Start of Excerpted data

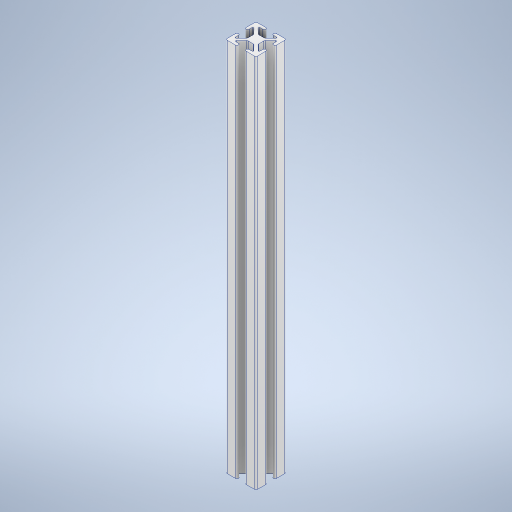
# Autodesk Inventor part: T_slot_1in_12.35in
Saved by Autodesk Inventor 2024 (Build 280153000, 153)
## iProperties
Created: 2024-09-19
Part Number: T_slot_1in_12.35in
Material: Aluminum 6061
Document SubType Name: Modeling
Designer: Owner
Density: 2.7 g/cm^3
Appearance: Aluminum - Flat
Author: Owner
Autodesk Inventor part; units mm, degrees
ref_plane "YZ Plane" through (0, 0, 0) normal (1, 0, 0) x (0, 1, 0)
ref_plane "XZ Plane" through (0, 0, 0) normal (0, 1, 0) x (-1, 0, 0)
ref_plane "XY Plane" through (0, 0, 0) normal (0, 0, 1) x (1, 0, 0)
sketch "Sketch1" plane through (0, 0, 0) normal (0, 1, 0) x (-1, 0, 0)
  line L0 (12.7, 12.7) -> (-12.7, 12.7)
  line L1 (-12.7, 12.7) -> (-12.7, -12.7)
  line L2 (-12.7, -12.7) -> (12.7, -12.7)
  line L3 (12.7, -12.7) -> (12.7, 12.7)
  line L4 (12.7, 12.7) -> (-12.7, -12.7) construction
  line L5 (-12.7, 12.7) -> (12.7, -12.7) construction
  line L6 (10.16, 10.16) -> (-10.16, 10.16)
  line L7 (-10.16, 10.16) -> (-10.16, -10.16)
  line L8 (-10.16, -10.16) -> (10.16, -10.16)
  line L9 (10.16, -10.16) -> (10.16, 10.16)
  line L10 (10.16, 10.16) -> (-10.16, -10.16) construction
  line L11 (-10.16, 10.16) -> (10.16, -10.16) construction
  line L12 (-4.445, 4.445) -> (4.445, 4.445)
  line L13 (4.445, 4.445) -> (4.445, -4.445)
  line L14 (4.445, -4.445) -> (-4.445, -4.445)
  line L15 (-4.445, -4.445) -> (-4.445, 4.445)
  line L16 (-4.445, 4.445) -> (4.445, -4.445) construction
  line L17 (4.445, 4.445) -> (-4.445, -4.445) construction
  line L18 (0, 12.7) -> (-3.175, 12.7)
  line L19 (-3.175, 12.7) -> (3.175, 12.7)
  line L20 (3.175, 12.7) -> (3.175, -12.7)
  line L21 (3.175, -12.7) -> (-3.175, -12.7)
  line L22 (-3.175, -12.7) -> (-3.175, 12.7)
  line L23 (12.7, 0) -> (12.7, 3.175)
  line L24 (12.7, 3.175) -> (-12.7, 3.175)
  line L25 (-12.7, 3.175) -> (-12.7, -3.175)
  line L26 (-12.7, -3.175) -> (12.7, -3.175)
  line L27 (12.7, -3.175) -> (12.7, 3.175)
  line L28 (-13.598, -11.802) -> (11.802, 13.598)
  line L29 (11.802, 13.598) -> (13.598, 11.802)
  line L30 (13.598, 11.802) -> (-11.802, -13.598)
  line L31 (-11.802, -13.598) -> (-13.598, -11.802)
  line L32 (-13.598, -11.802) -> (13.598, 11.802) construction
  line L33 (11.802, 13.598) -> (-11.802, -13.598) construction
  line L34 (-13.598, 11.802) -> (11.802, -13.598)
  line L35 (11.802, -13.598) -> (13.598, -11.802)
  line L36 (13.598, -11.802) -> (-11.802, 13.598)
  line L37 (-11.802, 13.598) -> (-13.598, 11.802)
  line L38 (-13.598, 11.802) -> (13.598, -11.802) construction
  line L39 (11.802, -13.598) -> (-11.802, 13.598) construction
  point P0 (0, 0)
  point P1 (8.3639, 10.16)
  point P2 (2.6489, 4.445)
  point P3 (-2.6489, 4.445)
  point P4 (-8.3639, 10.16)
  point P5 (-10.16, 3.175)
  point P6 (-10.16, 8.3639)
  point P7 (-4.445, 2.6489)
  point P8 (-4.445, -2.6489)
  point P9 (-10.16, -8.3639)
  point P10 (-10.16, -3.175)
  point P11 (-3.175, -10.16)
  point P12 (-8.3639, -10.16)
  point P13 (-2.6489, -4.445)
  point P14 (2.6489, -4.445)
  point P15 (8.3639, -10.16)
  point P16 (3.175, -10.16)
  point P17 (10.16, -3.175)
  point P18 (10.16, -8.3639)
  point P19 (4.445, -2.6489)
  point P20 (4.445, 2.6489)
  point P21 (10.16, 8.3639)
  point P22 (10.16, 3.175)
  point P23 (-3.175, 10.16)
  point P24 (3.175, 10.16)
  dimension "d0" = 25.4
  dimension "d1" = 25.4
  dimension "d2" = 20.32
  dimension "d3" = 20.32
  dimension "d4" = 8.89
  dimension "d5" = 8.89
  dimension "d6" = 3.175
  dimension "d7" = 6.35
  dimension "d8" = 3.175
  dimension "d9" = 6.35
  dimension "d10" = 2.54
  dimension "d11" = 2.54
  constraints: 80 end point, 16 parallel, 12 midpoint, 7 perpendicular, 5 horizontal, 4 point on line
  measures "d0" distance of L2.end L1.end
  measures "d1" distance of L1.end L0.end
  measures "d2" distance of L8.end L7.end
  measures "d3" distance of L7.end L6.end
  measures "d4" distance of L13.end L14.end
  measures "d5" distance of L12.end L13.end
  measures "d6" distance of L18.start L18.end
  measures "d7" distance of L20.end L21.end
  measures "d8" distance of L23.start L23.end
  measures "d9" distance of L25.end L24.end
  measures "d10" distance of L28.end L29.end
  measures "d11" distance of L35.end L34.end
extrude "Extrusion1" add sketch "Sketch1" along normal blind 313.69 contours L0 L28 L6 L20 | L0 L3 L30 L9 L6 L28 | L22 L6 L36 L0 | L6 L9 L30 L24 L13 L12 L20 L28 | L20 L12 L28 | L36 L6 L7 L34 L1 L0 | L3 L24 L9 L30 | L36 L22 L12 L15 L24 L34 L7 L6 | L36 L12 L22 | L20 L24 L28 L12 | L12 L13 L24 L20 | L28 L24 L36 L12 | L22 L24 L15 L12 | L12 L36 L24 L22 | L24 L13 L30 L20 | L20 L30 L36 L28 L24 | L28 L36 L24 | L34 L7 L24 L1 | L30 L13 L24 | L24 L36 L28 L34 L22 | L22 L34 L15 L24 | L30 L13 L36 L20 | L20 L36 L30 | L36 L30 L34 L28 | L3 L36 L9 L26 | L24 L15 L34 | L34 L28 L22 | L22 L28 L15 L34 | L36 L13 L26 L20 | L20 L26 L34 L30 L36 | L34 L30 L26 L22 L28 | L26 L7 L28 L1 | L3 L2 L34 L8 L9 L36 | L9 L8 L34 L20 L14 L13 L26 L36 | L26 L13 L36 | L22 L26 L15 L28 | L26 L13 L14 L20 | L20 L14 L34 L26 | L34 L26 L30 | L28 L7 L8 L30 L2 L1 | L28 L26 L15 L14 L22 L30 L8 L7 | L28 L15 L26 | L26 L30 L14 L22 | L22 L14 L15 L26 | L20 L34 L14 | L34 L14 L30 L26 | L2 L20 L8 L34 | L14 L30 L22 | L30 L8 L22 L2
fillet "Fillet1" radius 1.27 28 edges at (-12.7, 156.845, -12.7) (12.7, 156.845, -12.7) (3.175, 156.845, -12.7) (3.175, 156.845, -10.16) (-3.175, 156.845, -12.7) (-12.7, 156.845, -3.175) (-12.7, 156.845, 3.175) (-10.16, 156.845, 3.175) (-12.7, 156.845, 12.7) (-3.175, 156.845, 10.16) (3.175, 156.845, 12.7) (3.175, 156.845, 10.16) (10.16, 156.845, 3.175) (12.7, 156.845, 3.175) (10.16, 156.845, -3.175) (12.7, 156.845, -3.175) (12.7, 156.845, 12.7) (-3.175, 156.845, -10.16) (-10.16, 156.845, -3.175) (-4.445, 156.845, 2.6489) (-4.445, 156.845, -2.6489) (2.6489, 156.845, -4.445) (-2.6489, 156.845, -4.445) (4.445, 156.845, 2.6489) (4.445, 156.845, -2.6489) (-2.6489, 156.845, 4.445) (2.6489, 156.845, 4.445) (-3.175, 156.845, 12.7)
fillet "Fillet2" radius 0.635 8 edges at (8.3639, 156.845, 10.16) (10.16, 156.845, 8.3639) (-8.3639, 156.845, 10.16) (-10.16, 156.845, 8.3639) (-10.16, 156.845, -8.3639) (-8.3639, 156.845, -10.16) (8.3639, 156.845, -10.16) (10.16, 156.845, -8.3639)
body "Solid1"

End of Excerpted data

In the listing above, find the line containing "line L24 (12.7, 3.175) -> (-12.7, 3.175)" and the line containing "line L29 (11.802, 13.598)", then quote both, plus every line between them, exactly as written.

* _Response box_:
  line L24 (12.7, 3.175) -> (-12.7, 3.175)
  line L25 (-12.7, 3.175) -> (-12.7, -3.175)
  line L26 (-12.7, -3.175) -> (12.7, -3.175)
  line L27 (12.7, -3.175) -> (12.7, 3.175)
  line L28 (-13.598, -11.802) -> (11.802, 13.598)
  line L29 (11.802, 13.598) -> (13.598, 11.802)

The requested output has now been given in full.